=== What needs to be done ===
How do the lines below between the ones holding "#249=VECTOR('',#248,1.);" and "#264=VERTEX_POINT('',#263);", inclusive, read? Give them again exactly, with no other lines.

[[ Data for this task, beginning ]]

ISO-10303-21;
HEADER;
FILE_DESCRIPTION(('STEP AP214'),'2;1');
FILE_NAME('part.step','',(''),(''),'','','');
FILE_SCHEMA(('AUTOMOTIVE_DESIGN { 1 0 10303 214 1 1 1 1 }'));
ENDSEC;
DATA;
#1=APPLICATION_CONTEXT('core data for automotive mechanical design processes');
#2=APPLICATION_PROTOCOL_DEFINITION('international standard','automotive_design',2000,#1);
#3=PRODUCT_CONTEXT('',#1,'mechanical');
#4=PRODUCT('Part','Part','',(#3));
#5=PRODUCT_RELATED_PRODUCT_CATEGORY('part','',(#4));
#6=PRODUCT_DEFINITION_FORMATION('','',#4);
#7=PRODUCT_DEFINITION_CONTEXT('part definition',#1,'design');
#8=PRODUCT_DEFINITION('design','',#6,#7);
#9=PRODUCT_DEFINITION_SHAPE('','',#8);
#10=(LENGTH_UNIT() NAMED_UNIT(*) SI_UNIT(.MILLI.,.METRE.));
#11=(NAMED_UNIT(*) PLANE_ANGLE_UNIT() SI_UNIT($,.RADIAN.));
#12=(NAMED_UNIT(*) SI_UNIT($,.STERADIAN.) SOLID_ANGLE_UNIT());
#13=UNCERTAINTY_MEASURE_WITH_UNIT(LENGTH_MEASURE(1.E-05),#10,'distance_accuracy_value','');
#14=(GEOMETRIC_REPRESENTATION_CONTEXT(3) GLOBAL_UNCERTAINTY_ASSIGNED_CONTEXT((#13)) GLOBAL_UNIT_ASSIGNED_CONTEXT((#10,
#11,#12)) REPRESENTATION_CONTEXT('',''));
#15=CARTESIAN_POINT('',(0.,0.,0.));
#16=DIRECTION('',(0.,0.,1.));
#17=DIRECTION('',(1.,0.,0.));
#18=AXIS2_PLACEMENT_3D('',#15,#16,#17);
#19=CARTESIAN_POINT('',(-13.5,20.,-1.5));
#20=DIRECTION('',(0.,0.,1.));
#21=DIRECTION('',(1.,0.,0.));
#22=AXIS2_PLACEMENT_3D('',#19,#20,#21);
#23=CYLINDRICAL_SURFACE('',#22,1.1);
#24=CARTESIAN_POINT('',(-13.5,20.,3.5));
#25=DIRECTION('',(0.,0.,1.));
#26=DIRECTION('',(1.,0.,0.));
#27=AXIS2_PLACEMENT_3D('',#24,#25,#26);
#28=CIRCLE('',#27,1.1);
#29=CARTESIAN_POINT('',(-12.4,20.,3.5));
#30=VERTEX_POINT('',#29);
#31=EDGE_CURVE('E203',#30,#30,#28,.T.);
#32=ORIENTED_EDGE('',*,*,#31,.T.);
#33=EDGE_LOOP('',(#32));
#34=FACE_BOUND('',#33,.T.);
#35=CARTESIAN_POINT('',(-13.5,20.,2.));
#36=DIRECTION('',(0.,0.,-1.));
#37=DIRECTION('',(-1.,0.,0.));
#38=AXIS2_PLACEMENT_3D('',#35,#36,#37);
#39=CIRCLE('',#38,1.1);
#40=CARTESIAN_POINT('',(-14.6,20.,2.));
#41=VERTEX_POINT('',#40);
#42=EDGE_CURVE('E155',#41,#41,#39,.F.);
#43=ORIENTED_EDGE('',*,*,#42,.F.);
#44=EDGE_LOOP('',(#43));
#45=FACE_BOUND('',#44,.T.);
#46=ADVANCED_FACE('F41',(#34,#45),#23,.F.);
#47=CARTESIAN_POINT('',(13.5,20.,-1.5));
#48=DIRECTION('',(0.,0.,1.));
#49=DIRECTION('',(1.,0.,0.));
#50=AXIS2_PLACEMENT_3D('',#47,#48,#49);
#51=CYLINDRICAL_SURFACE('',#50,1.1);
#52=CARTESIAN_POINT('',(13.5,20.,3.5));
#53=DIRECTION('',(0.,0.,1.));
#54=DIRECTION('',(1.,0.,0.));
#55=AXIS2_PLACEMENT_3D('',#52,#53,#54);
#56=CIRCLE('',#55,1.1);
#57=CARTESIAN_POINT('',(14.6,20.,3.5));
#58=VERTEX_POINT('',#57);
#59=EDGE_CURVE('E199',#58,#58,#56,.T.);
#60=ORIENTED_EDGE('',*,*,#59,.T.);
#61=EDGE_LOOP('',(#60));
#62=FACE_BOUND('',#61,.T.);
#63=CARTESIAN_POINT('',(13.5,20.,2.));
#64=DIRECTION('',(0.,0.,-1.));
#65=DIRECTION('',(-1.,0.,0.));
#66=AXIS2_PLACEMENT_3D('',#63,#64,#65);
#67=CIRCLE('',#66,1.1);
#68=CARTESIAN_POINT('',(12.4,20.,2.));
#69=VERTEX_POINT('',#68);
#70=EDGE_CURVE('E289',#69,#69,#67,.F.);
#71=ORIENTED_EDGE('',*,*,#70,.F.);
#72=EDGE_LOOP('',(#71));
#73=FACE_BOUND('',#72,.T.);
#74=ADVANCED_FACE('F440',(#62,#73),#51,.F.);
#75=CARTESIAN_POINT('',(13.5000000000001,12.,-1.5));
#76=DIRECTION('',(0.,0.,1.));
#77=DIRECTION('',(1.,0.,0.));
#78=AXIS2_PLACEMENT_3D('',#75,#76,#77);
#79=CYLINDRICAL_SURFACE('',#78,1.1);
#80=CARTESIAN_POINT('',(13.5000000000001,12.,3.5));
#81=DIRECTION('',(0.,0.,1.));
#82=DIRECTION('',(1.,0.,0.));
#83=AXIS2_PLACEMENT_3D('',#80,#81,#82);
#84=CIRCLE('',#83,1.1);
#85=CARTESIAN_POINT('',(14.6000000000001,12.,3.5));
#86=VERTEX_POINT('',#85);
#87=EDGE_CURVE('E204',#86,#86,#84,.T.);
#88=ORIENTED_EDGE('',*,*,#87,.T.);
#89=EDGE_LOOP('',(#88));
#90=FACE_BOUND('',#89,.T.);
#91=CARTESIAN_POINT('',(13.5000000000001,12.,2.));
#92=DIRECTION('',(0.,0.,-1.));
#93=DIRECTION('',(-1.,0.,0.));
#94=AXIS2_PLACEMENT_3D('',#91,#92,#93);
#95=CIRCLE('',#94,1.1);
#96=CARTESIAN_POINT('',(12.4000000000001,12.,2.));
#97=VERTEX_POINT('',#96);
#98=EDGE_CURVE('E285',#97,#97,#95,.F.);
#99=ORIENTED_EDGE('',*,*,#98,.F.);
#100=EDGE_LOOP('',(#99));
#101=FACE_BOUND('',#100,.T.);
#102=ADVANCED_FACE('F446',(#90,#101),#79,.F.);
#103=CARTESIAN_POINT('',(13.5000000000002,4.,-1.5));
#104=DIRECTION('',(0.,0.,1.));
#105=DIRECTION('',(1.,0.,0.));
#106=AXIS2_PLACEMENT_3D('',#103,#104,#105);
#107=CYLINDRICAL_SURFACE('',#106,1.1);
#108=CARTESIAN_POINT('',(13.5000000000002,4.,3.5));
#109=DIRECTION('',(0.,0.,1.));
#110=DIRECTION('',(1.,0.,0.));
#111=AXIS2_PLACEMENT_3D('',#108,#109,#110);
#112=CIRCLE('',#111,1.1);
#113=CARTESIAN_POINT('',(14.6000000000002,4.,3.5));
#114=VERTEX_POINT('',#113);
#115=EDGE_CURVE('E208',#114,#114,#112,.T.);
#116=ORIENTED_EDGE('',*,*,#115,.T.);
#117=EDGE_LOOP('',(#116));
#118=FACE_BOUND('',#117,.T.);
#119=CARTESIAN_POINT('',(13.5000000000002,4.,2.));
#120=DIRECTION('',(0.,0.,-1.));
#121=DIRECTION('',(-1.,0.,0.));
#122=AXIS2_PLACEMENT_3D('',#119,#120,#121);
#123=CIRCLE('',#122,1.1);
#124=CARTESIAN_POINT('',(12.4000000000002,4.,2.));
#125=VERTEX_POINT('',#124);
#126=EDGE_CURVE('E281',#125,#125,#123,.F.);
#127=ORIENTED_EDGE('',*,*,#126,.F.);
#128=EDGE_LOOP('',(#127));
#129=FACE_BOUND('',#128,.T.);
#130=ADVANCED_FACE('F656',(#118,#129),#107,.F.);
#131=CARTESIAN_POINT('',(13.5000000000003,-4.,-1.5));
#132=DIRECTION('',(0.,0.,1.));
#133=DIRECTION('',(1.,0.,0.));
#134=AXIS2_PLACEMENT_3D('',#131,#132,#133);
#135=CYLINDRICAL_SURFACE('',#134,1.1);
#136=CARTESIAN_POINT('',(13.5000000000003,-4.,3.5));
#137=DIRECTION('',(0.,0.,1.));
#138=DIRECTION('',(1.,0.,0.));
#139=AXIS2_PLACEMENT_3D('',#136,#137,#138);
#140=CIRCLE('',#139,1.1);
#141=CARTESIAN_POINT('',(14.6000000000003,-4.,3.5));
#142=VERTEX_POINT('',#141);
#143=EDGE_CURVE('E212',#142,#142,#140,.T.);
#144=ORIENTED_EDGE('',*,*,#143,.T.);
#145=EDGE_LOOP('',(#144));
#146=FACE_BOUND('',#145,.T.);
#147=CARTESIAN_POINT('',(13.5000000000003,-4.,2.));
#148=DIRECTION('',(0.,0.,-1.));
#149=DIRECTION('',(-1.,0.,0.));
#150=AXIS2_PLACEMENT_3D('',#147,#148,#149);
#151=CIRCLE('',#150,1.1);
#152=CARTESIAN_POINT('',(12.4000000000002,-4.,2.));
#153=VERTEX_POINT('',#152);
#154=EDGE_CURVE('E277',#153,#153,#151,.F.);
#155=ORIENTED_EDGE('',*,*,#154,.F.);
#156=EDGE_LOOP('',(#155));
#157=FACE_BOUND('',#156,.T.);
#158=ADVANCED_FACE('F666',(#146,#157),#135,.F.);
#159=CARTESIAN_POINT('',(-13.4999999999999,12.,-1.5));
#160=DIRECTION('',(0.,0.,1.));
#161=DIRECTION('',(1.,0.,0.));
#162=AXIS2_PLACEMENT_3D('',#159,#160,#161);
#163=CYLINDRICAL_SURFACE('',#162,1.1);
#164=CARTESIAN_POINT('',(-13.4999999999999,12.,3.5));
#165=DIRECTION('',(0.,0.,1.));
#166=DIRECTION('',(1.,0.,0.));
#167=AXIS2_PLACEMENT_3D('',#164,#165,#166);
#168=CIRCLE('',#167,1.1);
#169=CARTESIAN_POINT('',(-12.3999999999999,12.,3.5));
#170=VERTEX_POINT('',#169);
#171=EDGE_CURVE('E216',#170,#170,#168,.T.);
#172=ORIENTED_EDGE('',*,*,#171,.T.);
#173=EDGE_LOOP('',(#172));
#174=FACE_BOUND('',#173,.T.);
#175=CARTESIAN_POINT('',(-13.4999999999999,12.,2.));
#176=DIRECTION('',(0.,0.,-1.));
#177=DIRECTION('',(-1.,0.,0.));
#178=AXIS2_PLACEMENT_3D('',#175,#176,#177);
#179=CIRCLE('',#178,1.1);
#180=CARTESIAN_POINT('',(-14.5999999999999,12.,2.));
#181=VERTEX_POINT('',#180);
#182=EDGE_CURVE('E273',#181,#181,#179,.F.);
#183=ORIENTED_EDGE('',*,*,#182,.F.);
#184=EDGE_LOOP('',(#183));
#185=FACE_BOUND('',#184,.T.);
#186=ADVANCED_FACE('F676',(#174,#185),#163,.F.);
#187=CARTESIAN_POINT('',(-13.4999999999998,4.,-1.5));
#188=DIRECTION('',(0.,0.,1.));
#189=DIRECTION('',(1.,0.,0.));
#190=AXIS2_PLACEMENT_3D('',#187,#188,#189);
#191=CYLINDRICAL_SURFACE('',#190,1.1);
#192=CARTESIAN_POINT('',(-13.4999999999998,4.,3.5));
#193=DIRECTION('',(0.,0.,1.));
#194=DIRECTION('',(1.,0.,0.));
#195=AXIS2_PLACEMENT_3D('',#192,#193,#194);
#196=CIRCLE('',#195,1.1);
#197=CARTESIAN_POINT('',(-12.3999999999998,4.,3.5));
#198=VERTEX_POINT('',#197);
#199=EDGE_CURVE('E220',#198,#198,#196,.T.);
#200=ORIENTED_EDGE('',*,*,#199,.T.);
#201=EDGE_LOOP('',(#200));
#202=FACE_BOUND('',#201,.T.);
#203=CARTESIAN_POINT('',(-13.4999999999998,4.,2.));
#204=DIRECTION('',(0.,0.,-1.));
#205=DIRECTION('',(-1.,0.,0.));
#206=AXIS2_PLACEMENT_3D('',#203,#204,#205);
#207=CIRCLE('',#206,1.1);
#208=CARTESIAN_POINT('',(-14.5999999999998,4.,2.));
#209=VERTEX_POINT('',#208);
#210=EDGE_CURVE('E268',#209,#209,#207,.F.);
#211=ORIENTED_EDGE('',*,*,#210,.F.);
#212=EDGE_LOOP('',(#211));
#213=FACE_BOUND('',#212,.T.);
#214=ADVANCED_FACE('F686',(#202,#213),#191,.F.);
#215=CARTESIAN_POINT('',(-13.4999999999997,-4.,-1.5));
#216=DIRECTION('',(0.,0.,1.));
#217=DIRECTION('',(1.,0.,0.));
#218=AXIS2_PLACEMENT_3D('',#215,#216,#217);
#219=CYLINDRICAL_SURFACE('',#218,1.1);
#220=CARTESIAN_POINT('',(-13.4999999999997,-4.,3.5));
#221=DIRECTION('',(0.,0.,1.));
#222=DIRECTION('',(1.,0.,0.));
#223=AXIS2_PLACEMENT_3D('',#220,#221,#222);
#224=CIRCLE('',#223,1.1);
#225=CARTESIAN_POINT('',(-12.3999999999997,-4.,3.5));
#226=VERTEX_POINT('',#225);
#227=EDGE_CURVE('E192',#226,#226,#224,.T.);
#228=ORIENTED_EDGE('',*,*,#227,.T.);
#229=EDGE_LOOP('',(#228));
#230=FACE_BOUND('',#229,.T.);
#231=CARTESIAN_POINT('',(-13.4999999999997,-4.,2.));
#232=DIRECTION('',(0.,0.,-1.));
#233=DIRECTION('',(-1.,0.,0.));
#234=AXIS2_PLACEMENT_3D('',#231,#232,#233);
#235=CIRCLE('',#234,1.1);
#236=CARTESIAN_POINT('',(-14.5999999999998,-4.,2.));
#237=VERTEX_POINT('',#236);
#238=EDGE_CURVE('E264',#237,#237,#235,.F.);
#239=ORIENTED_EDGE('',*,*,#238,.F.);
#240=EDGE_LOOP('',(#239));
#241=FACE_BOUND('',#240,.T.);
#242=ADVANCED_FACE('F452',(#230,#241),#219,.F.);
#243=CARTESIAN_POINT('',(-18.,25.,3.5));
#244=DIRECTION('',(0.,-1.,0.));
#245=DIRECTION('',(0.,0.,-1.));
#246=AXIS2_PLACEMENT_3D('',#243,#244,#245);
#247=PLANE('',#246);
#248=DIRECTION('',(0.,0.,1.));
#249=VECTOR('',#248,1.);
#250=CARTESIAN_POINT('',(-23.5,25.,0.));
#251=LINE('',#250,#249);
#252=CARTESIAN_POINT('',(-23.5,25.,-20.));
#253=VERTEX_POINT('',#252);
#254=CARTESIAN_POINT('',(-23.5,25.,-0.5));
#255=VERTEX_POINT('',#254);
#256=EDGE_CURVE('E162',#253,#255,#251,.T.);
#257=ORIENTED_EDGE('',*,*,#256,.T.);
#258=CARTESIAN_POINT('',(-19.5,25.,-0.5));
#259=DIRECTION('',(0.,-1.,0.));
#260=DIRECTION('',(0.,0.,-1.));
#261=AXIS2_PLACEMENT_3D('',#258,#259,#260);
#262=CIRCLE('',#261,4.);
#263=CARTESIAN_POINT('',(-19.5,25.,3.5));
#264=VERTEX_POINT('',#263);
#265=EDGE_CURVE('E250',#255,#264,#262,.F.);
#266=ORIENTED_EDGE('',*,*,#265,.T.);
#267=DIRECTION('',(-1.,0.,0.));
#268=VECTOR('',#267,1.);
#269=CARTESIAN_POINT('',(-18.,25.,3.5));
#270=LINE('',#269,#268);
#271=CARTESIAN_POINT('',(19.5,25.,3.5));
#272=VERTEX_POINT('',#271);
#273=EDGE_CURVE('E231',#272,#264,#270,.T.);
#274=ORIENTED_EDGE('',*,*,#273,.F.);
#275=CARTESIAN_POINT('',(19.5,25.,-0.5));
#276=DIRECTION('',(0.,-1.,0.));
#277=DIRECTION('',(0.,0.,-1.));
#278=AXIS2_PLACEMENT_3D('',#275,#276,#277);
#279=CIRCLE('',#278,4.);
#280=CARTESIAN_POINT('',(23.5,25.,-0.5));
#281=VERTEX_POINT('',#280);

[[ Data for this task, end ]]

=== Answer to the exercise ===
#249=VECTOR('',#248,1.);
#250=CARTESIAN_POINT('',(-23.5,25.,0.));
#251=LINE('',#250,#249);
#252=CARTESIAN_POINT('',(-23.5,25.,-20.));
#253=VERTEX_POINT('',#252);
#254=CARTESIAN_POINT('',(-23.5,25.,-0.5));
#255=VERTEX_POINT('',#254);
#256=EDGE_CURVE('E162',#253,#255,#251,.T.);
#257=ORIENTED_EDGE('',*,*,#256,.T.);
#258=CARTESIAN_POINT('',(-19.5,25.,-0.5));
#259=DIRECTION('',(0.,-1.,0.));
#260=DIRECTION('',(0.,0.,-1.));
#261=AXIS2_PLACEMENT_3D('',#258,#259,#260);
#262=CIRCLE('',#261,4.);
#263=CARTESIAN_POINT('',(-19.5,25.,3.5));
#264=VERTEX_POINT('',#263);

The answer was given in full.